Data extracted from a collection
══════

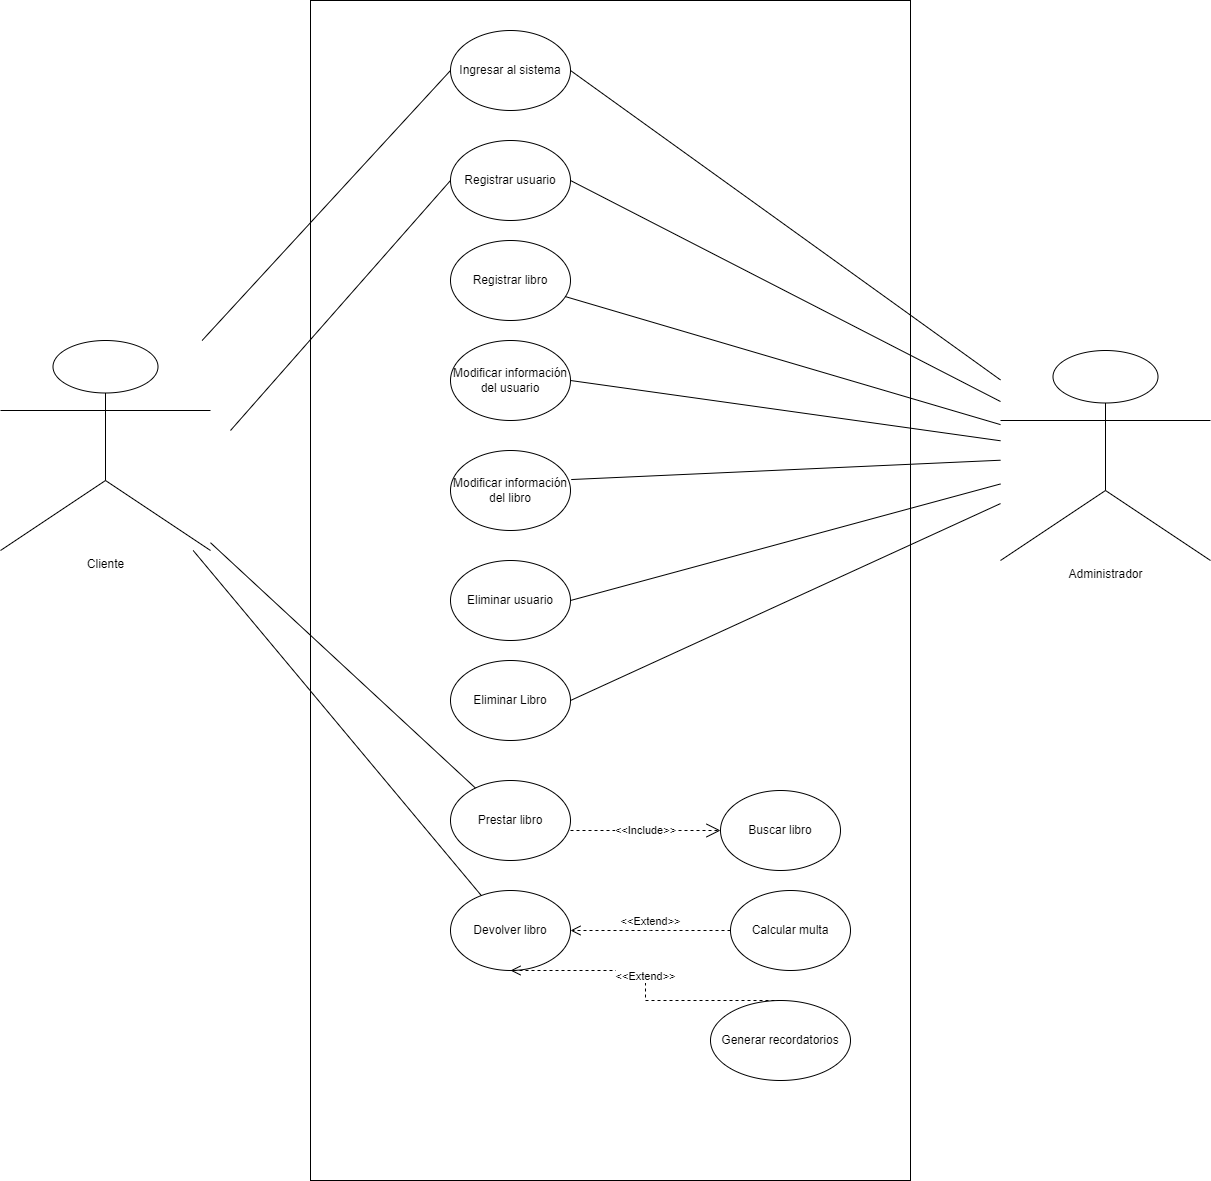

The diagram above was exported from draw.io. Its source (the exported page's mxGraphModel, read from the mxfile embedded in the PNG):
<mxGraphModel dx="1080" dy="1485" grid="1" gridSize="10" guides="1" tooltips="1" connect="1" arrows="1" fold="1" page="1" pageScale="1" pageWidth="1400" pageHeight="850" math="0" shadow="0">
  <root>
    <mxCell id="0" />
    <mxCell id="1" parent="0" />
    <mxCell id="VlQzWTcHTgs0xFR8vfQW-1" value="" style="whiteSpace=wrap;html=1;" vertex="1" parent="1">
      <mxGeometry x="370" y="-690" width="600" height="1180" as="geometry" />
    </mxCell>
    <mxCell id="VlQzWTcHTgs0xFR8vfQW-2" value="Registrar usuario" style="ellipse;whiteSpace=wrap;html=1;" vertex="1" parent="1">
      <mxGeometry x="510" y="-550" width="120" height="80" as="geometry" />
    </mxCell>
    <mxCell id="VlQzWTcHTgs0xFR8vfQW-3" value="Registrar libro" style="ellipse;whiteSpace=wrap;html=1;" vertex="1" parent="1">
      <mxGeometry x="510" y="-450" width="120" height="80" as="geometry" />
    </mxCell>
    <mxCell id="VlQzWTcHTgs0xFR8vfQW-4" value="Modificar información del usuario" style="ellipse;whiteSpace=wrap;html=1;" vertex="1" parent="1">
      <mxGeometry x="510" y="-350" width="120" height="80" as="geometry" />
    </mxCell>
    <mxCell id="VlQzWTcHTgs0xFR8vfQW-5" value="Modificar información del libro" style="ellipse;whiteSpace=wrap;html=1;" vertex="1" parent="1">
      <mxGeometry x="510" y="-240" width="120" height="80" as="geometry" />
    </mxCell>
    <mxCell id="VlQzWTcHTgs0xFR8vfQW-6" value="Eliminar usuario" style="ellipse;whiteSpace=wrap;html=1;" vertex="1" parent="1">
      <mxGeometry x="510" y="-130" width="120" height="80" as="geometry" />
    </mxCell>
    <mxCell id="VlQzWTcHTgs0xFR8vfQW-7" value="Eliminar Libro" style="ellipse;whiteSpace=wrap;html=1;" vertex="1" parent="1">
      <mxGeometry x="510" y="-30" width="120" height="80" as="geometry" />
    </mxCell>
    <mxCell id="VlQzWTcHTgs0xFR8vfQW-9" value="Prestar libro" style="ellipse;whiteSpace=wrap;html=1;" vertex="1" parent="1">
      <mxGeometry x="510" y="90" width="120" height="80" as="geometry" />
    </mxCell>
    <mxCell id="VlQzWTcHTgs0xFR8vfQW-10" value="Devolver libro" style="ellipse;whiteSpace=wrap;html=1;" vertex="1" parent="1">
      <mxGeometry x="510" y="200" width="120" height="80" as="geometry" />
    </mxCell>
    <mxCell id="VlQzWTcHTgs0xFR8vfQW-13" value="Buscar libro" style="ellipse;whiteSpace=wrap;html=1;" vertex="1" parent="1">
      <mxGeometry x="780" y="100" width="120" height="80" as="geometry" />
    </mxCell>
    <mxCell id="VlQzWTcHTgs0xFR8vfQW-14" value="&amp;lt;&amp;lt;Include&amp;gt;&amp;gt;" style="endArrow=open;endSize=12;dashed=1;html=1;rounded=0;exitX=1;exitY=0.625;exitDx=0;exitDy=0;exitPerimeter=0;entryX=0;entryY=0.5;entryDx=0;entryDy=0;" edge="1" parent="1" source="VlQzWTcHTgs0xFR8vfQW-9" target="VlQzWTcHTgs0xFR8vfQW-13">
      <mxGeometry width="160" relative="1" as="geometry">
        <mxPoint x="640" y="180" as="sourcePoint" />
        <mxPoint x="800" y="180" as="targetPoint" />
      </mxGeometry>
    </mxCell>
    <mxCell id="VlQzWTcHTgs0xFR8vfQW-15" value="Calcular multa" style="ellipse;whiteSpace=wrap;html=1;" vertex="1" parent="1">
      <mxGeometry x="790" y="200" width="120" height="80" as="geometry" />
    </mxCell>
    <mxCell id="VlQzWTcHTgs0xFR8vfQW-16" value="&amp;lt;&amp;lt;Extend&amp;gt;&amp;gt;" style="html=1;verticalAlign=bottom;endArrow=open;dashed=1;endSize=8;edgeStyle=elbowEdgeStyle;elbow=vertical;curved=0;rounded=0;exitX=0;exitY=0.5;exitDx=0;exitDy=0;entryX=1;entryY=0.5;entryDx=0;entryDy=0;" edge="1" parent="1" source="VlQzWTcHTgs0xFR8vfQW-15" target="VlQzWTcHTgs0xFR8vfQW-10">
      <mxGeometry relative="1" as="geometry">
        <mxPoint x="770" y="290" as="sourcePoint" />
        <mxPoint x="690" y="290" as="targetPoint" />
      </mxGeometry>
    </mxCell>
    <mxCell id="VlQzWTcHTgs0xFR8vfQW-17" value="Administrador" style="shape=umlActor;verticalLabelPosition=bottom;verticalAlign=top;html=1;" vertex="1" parent="1">
      <mxGeometry x="1060" y="-340" width="210" height="210" as="geometry" />
    </mxCell>
    <mxCell id="VlQzWTcHTgs0xFR8vfQW-20" value="Cliente" style="shape=umlActor;verticalLabelPosition=bottom;verticalAlign=top;html=1;" vertex="1" parent="1">
      <mxGeometry x="60" y="-350" width="210" height="210" as="geometry" />
    </mxCell>
    <mxCell id="VlQzWTcHTgs0xFR8vfQW-25" value="" style="endArrow=none;html=1;rounded=0;entryX=0;entryY=0.5;entryDx=0;entryDy=0;" edge="1" parent="1" target="VlQzWTcHTgs0xFR8vfQW-2">
      <mxGeometry width="50" height="50" relative="1" as="geometry">
        <mxPoint x="290" y="-260" as="sourcePoint" />
        <mxPoint x="670" y="-230" as="targetPoint" />
      </mxGeometry>
    </mxCell>
    <mxCell id="VlQzWTcHTgs0xFR8vfQW-26" value="" style="endArrow=none;html=1;rounded=0;" edge="1" parent="1" source="VlQzWTcHTgs0xFR8vfQW-20" target="VlQzWTcHTgs0xFR8vfQW-9">
      <mxGeometry width="50" height="50" relative="1" as="geometry">
        <mxPoint x="290" y="-260" as="sourcePoint" />
        <mxPoint x="670" y="-230" as="targetPoint" />
      </mxGeometry>
    </mxCell>
    <mxCell id="VlQzWTcHTgs0xFR8vfQW-27" value="" style="endArrow=none;html=1;rounded=0;" edge="1" parent="1" source="VlQzWTcHTgs0xFR8vfQW-20" target="VlQzWTcHTgs0xFR8vfQW-10">
      <mxGeometry width="50" height="50" relative="1" as="geometry">
        <mxPoint x="620" y="-180" as="sourcePoint" />
        <mxPoint x="670" y="-230" as="targetPoint" />
      </mxGeometry>
    </mxCell>
    <mxCell id="VlQzWTcHTgs0xFR8vfQW-28" value="" style="endArrow=none;html=1;rounded=0;exitX=1;exitY=0.5;exitDx=0;exitDy=0;" edge="1" parent="1" source="VlQzWTcHTgs0xFR8vfQW-2" target="VlQzWTcHTgs0xFR8vfQW-17">
      <mxGeometry width="50" height="50" relative="1" as="geometry">
        <mxPoint x="620" y="-40" as="sourcePoint" />
        <mxPoint x="670" y="-90" as="targetPoint" />
      </mxGeometry>
    </mxCell>
    <mxCell id="VlQzWTcHTgs0xFR8vfQW-29" value="" style="endArrow=none;html=1;rounded=0;" edge="1" parent="1" source="VlQzWTcHTgs0xFR8vfQW-3" target="VlQzWTcHTgs0xFR8vfQW-17">
      <mxGeometry width="50" height="50" relative="1" as="geometry">
        <mxPoint x="620" y="-180" as="sourcePoint" />
        <mxPoint x="670" y="-230" as="targetPoint" />
      </mxGeometry>
    </mxCell>
    <mxCell id="VlQzWTcHTgs0xFR8vfQW-30" value="" style="endArrow=none;html=1;rounded=0;exitX=1;exitY=0.5;exitDx=0;exitDy=0;" edge="1" parent="1" source="VlQzWTcHTgs0xFR8vfQW-4" target="VlQzWTcHTgs0xFR8vfQW-17">
      <mxGeometry width="50" height="50" relative="1" as="geometry">
        <mxPoint x="620" y="-180" as="sourcePoint" />
        <mxPoint x="670" y="-230" as="targetPoint" />
      </mxGeometry>
    </mxCell>
    <mxCell id="VlQzWTcHTgs0xFR8vfQW-31" value="" style="endArrow=none;html=1;rounded=0;exitX=1.006;exitY=0.363;exitDx=0;exitDy=0;exitPerimeter=0;" edge="1" parent="1" source="VlQzWTcHTgs0xFR8vfQW-5" target="VlQzWTcHTgs0xFR8vfQW-17">
      <mxGeometry width="50" height="50" relative="1" as="geometry">
        <mxPoint x="620" y="-180" as="sourcePoint" />
        <mxPoint x="670" y="-230" as="targetPoint" />
      </mxGeometry>
    </mxCell>
    <mxCell id="VlQzWTcHTgs0xFR8vfQW-32" value="" style="endArrow=none;html=1;rounded=0;exitX=1;exitY=0.5;exitDx=0;exitDy=0;" edge="1" parent="1" source="VlQzWTcHTgs0xFR8vfQW-6" target="VlQzWTcHTgs0xFR8vfQW-17">
      <mxGeometry width="50" height="50" relative="1" as="geometry">
        <mxPoint x="620" y="-180" as="sourcePoint" />
        <mxPoint x="670" y="-230" as="targetPoint" />
      </mxGeometry>
    </mxCell>
    <mxCell id="VlQzWTcHTgs0xFR8vfQW-33" value="" style="endArrow=none;html=1;rounded=0;exitX=1;exitY=0.5;exitDx=0;exitDy=0;" edge="1" parent="1" source="VlQzWTcHTgs0xFR8vfQW-7" target="VlQzWTcHTgs0xFR8vfQW-17">
      <mxGeometry width="50" height="50" relative="1" as="geometry">
        <mxPoint x="620" y="90" as="sourcePoint" />
        <mxPoint x="670" y="40" as="targetPoint" />
      </mxGeometry>
    </mxCell>
    <mxCell id="VlQzWTcHTgs0xFR8vfQW-34" value="Generar recordatorios" style="ellipse;whiteSpace=wrap;html=1;" vertex="1" parent="1">
      <mxGeometry x="770" y="310" width="140" height="80" as="geometry" />
    </mxCell>
    <mxCell id="VlQzWTcHTgs0xFR8vfQW-39" value="&amp;lt;&amp;lt;Extend&amp;gt;&amp;gt;" style="html=1;verticalAlign=bottom;endArrow=open;dashed=1;endSize=8;edgeStyle=elbowEdgeStyle;elbow=horizontal;curved=0;rounded=0;exitX=0.5;exitY=0;exitDx=0;exitDy=0;entryX=0.5;entryY=1;entryDx=0;entryDy=0;" edge="1" parent="1" source="VlQzWTcHTgs0xFR8vfQW-34" target="VlQzWTcHTgs0xFR8vfQW-10">
      <mxGeometry relative="1" as="geometry">
        <mxPoint x="690" y="200" as="sourcePoint" />
        <mxPoint x="640" y="240" as="targetPoint" />
      </mxGeometry>
    </mxCell>
    <mxCell id="VlQzWTcHTgs0xFR8vfQW-42" value="Ingresar al sistema" style="ellipse;whiteSpace=wrap;html=1;" vertex="1" parent="1">
      <mxGeometry x="510" y="-660" width="120" height="80" as="geometry" />
    </mxCell>
    <mxCell id="VlQzWTcHTgs0xFR8vfQW-43" value="" style="endArrow=none;html=1;rounded=0;entryX=0;entryY=0.5;entryDx=0;entryDy=0;" edge="1" parent="1" source="VlQzWTcHTgs0xFR8vfQW-20" target="VlQzWTcHTgs0xFR8vfQW-42">
      <mxGeometry width="50" height="50" relative="1" as="geometry">
        <mxPoint x="330" y="-490" as="sourcePoint" />
        <mxPoint x="380" y="-540" as="targetPoint" />
      </mxGeometry>
    </mxCell>
    <mxCell id="VlQzWTcHTgs0xFR8vfQW-44" value="" style="endArrow=none;html=1;rounded=0;entryX=1;entryY=0.5;entryDx=0;entryDy=0;" edge="1" parent="1" source="VlQzWTcHTgs0xFR8vfQW-17" target="VlQzWTcHTgs0xFR8vfQW-42">
      <mxGeometry width="50" height="50" relative="1" as="geometry">
        <mxPoint x="1260" y="-410" as="sourcePoint" />
        <mxPoint x="1310" y="-460" as="targetPoint" />
      </mxGeometry>
    </mxCell>
  </root>
</mxGraphModel>

══════

Assignment: Among the lines above, return those that hold the word "Registrar".

Solution for this exercise:
    <mxCell id="VlQzWTcHTgs0xFR8vfQW-2" value="Registrar usuario" style="ellipse;whiteSpace=wrap;html=1;" vertex="1" parent="1">
    <mxCell id="VlQzWTcHTgs0xFR8vfQW-3" value="Registrar libro" style="ellipse;whiteSpace=wrap;html=1;" vertex="1" parent="1">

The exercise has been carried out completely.